Deterministic Results

Same codebase at the same commit produces the same findings, enabling reliable audits and compliance tracking.

Auto-Fix Capable

Qualifying findings can be automatically patched with AI-generated code fixes.

Multi-Engine Secrets Detection

Secrets scanning runs multiple detection engines in parallel, cross-referencing results to maximize coverage while deduplicating overlapping findings from different engines.

On-Demand Investigation

Request a deeper re-investigation of any finding using larger AI models for higher-confidence validation results. You can trigger investigations from the issue detail view — including via the Reinvestigate action in the issue actions menu — and monitor progress in real time.

Investigation

You can request on-demand investigation of any finding to get a deeper, higher-confidence assessment. When you trigger an investigation, ZeroPath re-evaluates the finding using more powerful AI models:
  • SAST findings are re-validated with a larger model that examines exploitability with more context and nuance.
  • SCA direct dependency findings undergo reachability analysis to determine whether the vulnerable code path is actually reachable in your project.
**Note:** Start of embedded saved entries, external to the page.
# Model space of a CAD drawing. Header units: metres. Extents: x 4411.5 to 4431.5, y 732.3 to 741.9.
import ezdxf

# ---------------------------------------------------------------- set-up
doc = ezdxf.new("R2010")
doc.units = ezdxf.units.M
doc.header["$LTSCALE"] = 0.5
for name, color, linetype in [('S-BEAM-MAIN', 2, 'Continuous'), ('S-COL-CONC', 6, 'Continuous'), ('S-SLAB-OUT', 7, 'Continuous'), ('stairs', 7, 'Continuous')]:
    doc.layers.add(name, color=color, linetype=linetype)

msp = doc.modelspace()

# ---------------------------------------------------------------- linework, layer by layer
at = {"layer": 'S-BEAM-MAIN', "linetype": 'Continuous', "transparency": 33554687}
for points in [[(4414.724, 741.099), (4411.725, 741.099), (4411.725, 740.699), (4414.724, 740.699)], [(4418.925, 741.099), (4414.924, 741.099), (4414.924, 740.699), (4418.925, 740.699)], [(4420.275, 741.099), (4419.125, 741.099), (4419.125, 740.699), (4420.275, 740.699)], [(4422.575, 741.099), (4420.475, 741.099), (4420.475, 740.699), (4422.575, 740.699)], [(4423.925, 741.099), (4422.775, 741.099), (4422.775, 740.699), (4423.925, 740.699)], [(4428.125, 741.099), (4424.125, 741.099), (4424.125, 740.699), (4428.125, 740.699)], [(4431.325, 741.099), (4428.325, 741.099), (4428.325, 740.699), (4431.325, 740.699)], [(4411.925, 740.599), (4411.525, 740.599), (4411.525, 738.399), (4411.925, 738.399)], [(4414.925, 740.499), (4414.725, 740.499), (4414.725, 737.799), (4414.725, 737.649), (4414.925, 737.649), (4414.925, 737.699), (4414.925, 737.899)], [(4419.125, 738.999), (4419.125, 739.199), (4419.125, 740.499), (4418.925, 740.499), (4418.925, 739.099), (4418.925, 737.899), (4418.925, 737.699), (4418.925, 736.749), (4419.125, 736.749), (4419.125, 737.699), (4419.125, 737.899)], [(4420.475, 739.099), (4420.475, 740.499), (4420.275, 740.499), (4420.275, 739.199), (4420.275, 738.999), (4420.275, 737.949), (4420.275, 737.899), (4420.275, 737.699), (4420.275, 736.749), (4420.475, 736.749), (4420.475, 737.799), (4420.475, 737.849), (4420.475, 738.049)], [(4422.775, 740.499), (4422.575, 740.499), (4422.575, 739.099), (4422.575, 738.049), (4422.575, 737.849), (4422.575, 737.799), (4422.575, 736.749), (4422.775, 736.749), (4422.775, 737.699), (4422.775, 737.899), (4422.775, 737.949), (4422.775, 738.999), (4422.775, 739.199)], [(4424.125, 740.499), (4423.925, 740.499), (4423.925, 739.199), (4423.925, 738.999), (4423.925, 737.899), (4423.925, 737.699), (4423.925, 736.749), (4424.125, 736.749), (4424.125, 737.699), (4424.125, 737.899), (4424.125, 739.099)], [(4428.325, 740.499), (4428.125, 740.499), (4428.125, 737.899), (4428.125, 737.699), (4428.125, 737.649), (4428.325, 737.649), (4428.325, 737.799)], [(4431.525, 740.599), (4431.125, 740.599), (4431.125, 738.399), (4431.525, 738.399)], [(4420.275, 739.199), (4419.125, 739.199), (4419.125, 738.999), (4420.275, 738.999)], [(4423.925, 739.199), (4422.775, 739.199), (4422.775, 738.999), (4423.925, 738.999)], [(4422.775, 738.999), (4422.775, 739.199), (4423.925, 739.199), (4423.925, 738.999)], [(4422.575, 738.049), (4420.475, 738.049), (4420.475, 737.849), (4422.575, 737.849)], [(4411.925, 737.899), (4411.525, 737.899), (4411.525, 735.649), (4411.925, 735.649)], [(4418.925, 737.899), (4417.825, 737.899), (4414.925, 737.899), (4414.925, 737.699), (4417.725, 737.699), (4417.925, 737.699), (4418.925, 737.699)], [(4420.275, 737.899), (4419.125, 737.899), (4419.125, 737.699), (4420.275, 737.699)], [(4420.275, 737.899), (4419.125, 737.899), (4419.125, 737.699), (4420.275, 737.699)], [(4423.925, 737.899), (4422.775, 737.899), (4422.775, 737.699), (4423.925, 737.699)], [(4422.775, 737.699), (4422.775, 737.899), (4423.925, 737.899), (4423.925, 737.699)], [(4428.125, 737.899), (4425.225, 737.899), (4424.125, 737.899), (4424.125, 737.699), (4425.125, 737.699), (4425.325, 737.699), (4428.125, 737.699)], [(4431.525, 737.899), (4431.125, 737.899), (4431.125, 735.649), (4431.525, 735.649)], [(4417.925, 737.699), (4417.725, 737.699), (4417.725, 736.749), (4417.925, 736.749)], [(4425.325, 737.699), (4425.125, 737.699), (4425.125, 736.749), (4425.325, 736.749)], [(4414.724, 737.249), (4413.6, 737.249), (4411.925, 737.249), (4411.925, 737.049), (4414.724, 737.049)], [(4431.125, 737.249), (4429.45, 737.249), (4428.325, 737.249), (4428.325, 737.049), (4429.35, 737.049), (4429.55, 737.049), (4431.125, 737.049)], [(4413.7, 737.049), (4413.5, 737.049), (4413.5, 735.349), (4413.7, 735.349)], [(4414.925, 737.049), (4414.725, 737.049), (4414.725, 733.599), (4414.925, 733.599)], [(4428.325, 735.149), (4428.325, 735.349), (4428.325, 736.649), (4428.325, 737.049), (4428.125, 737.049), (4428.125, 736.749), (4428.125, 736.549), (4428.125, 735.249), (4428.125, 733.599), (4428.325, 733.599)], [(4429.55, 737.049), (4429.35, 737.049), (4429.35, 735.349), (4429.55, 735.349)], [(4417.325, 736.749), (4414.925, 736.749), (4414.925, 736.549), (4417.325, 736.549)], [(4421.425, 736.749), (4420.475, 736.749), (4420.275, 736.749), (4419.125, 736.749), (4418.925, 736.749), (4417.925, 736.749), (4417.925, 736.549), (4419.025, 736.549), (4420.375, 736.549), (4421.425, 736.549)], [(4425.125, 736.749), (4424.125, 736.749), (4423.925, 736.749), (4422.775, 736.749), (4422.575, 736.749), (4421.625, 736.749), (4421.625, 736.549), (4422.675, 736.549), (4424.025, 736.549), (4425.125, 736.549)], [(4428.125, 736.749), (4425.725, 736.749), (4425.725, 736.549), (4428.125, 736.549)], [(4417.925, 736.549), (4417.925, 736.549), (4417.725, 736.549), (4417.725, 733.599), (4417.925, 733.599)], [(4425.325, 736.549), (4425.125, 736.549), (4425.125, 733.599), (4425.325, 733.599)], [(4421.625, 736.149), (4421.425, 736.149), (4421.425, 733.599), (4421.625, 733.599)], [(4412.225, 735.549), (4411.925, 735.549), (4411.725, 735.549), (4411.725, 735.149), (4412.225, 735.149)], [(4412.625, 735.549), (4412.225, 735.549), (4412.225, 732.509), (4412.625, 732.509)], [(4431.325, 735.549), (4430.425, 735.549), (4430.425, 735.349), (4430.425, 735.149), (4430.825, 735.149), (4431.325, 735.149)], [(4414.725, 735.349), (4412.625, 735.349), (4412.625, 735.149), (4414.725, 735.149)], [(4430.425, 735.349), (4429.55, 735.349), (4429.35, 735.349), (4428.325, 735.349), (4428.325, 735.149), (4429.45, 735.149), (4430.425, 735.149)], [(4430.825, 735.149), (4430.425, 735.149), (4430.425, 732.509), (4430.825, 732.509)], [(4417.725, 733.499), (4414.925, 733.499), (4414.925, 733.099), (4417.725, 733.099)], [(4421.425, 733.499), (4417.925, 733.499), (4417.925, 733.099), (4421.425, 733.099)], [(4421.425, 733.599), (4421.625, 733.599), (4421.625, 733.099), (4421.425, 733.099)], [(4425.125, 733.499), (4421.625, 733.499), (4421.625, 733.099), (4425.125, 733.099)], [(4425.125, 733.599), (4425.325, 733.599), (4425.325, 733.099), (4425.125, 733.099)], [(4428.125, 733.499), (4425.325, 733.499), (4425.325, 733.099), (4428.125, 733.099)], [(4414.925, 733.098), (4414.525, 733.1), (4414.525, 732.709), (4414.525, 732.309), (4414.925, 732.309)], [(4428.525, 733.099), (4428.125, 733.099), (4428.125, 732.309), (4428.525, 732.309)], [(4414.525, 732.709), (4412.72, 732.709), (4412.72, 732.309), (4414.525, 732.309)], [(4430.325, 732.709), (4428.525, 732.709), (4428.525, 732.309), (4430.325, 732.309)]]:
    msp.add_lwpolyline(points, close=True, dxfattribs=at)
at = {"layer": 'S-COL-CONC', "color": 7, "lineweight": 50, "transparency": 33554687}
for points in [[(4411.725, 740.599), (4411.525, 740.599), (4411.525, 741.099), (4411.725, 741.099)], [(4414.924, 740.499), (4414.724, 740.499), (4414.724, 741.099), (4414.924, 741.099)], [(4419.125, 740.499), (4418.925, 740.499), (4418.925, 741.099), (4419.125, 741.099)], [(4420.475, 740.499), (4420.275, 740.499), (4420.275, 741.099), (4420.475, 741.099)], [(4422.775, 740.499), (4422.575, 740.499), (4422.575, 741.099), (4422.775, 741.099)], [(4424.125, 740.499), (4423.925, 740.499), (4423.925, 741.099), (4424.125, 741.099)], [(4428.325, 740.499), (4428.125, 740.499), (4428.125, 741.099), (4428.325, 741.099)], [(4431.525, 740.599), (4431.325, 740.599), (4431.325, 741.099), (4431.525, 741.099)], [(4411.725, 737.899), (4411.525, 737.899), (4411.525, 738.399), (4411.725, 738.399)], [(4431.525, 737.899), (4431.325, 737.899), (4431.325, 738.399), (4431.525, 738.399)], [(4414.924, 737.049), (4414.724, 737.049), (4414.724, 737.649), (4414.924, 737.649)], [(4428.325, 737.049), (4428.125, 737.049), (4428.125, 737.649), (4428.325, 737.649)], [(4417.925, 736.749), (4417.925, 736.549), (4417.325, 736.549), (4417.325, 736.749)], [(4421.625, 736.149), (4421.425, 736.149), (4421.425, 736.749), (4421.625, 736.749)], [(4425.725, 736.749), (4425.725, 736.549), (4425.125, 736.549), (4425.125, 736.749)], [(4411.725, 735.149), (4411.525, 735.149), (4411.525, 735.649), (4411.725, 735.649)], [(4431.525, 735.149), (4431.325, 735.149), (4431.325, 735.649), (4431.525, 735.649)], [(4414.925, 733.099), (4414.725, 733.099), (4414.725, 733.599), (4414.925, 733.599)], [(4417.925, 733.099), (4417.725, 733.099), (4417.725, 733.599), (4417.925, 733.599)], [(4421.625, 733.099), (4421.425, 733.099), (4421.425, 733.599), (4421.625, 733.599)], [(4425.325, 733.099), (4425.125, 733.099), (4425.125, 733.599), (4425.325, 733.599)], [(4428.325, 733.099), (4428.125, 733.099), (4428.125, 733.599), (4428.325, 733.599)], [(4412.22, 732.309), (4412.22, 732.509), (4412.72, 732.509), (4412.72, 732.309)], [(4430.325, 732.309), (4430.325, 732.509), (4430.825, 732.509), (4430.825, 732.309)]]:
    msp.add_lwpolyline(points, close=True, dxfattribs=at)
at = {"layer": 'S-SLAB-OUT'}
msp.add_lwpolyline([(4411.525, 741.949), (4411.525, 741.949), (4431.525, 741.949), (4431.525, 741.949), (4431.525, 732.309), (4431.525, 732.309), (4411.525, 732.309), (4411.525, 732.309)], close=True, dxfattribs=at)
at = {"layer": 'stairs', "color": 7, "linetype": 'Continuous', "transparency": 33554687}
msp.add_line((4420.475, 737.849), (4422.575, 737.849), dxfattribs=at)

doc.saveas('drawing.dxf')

Results are labeled as “Likely Reachable” or “Likely Not Reachable” to reflect the probabilistic nature of the analysis, and include a detailed reachability summary explaining the reasoning.
  • SCA transitive dependency findings go through a two-phase process: first a triage step determines whether exploitability can even be assessed, and if so, a full reachability analysis traces the dependency chain to see if the vulnerability is reachable through parent packages.
SCA findings also display the manifest file path with a direct link to view the file in your repository. When a dependency is detected from a compiled binary rather than a manifest file, this is indicated in the package details. Investigation results update the finding’s validation state (confirmed, disconfirmed, or unknown) and include a detailed security assessment explaining the reasoning. You can request investigations via the API, MCP tools, or directly from the issue detail view in the dashboard using the Reinvestigate option in the actions menu. While an investigation is in progress, the issue detail view shows a live status indicator, and results appear automatically when the analysis completes. Findings confirmed as exploitable display a prominent banner with the full security assessment, making it easy to identify high-priority issues at a glance. Findings with an unknown validation state are labeled as Informational, indicating they match a known advisory but have not yet been investigated for exploitability. You can also request investigations in bulk across multiple issues at once, which is useful for triaging a batch of findings. When a finding cannot be automatically patched, the platform displays remediation steps with specific guidance on how to address the vulnerability manually.

Adoption Checklist

1

Connect Your Repository

Add your repo via GitHub App, GitLab, Bitbucket, or direct URL. See Quick Start.
2

Confirm SAST Is Enabled

SAST is enabled by default in scanner settings for all repositories.
3

Run Your First Scan

Trigger a full scan from the dashboard or wait for the next scheduled scan.
4

Review Findings

Browse findings in the dashboard, grouped by severity, application, and category. You can filter findings by type — including SAST, SCA, Secrets, IaC, CI/CD, and EoL — to focus on what matters most to your team.
5

Configure Thresholds

Adjust confidence filtering and PR check failure thresholds to match your team’s tolerance.
6

Enable PR Scanning

Turn on PR scanning to catch vulnerabilities before they reach your main branch.
7

Set Up Integrations

Route findings to Jira, Linear, Slack, or webhooks. You can export individual findings or bulk-export multiple findings at once to Jira or Linear directly from the issues list.
8

Define Custom Rules

Add natural-language rules for organization-specific security policies. See Custom Rules.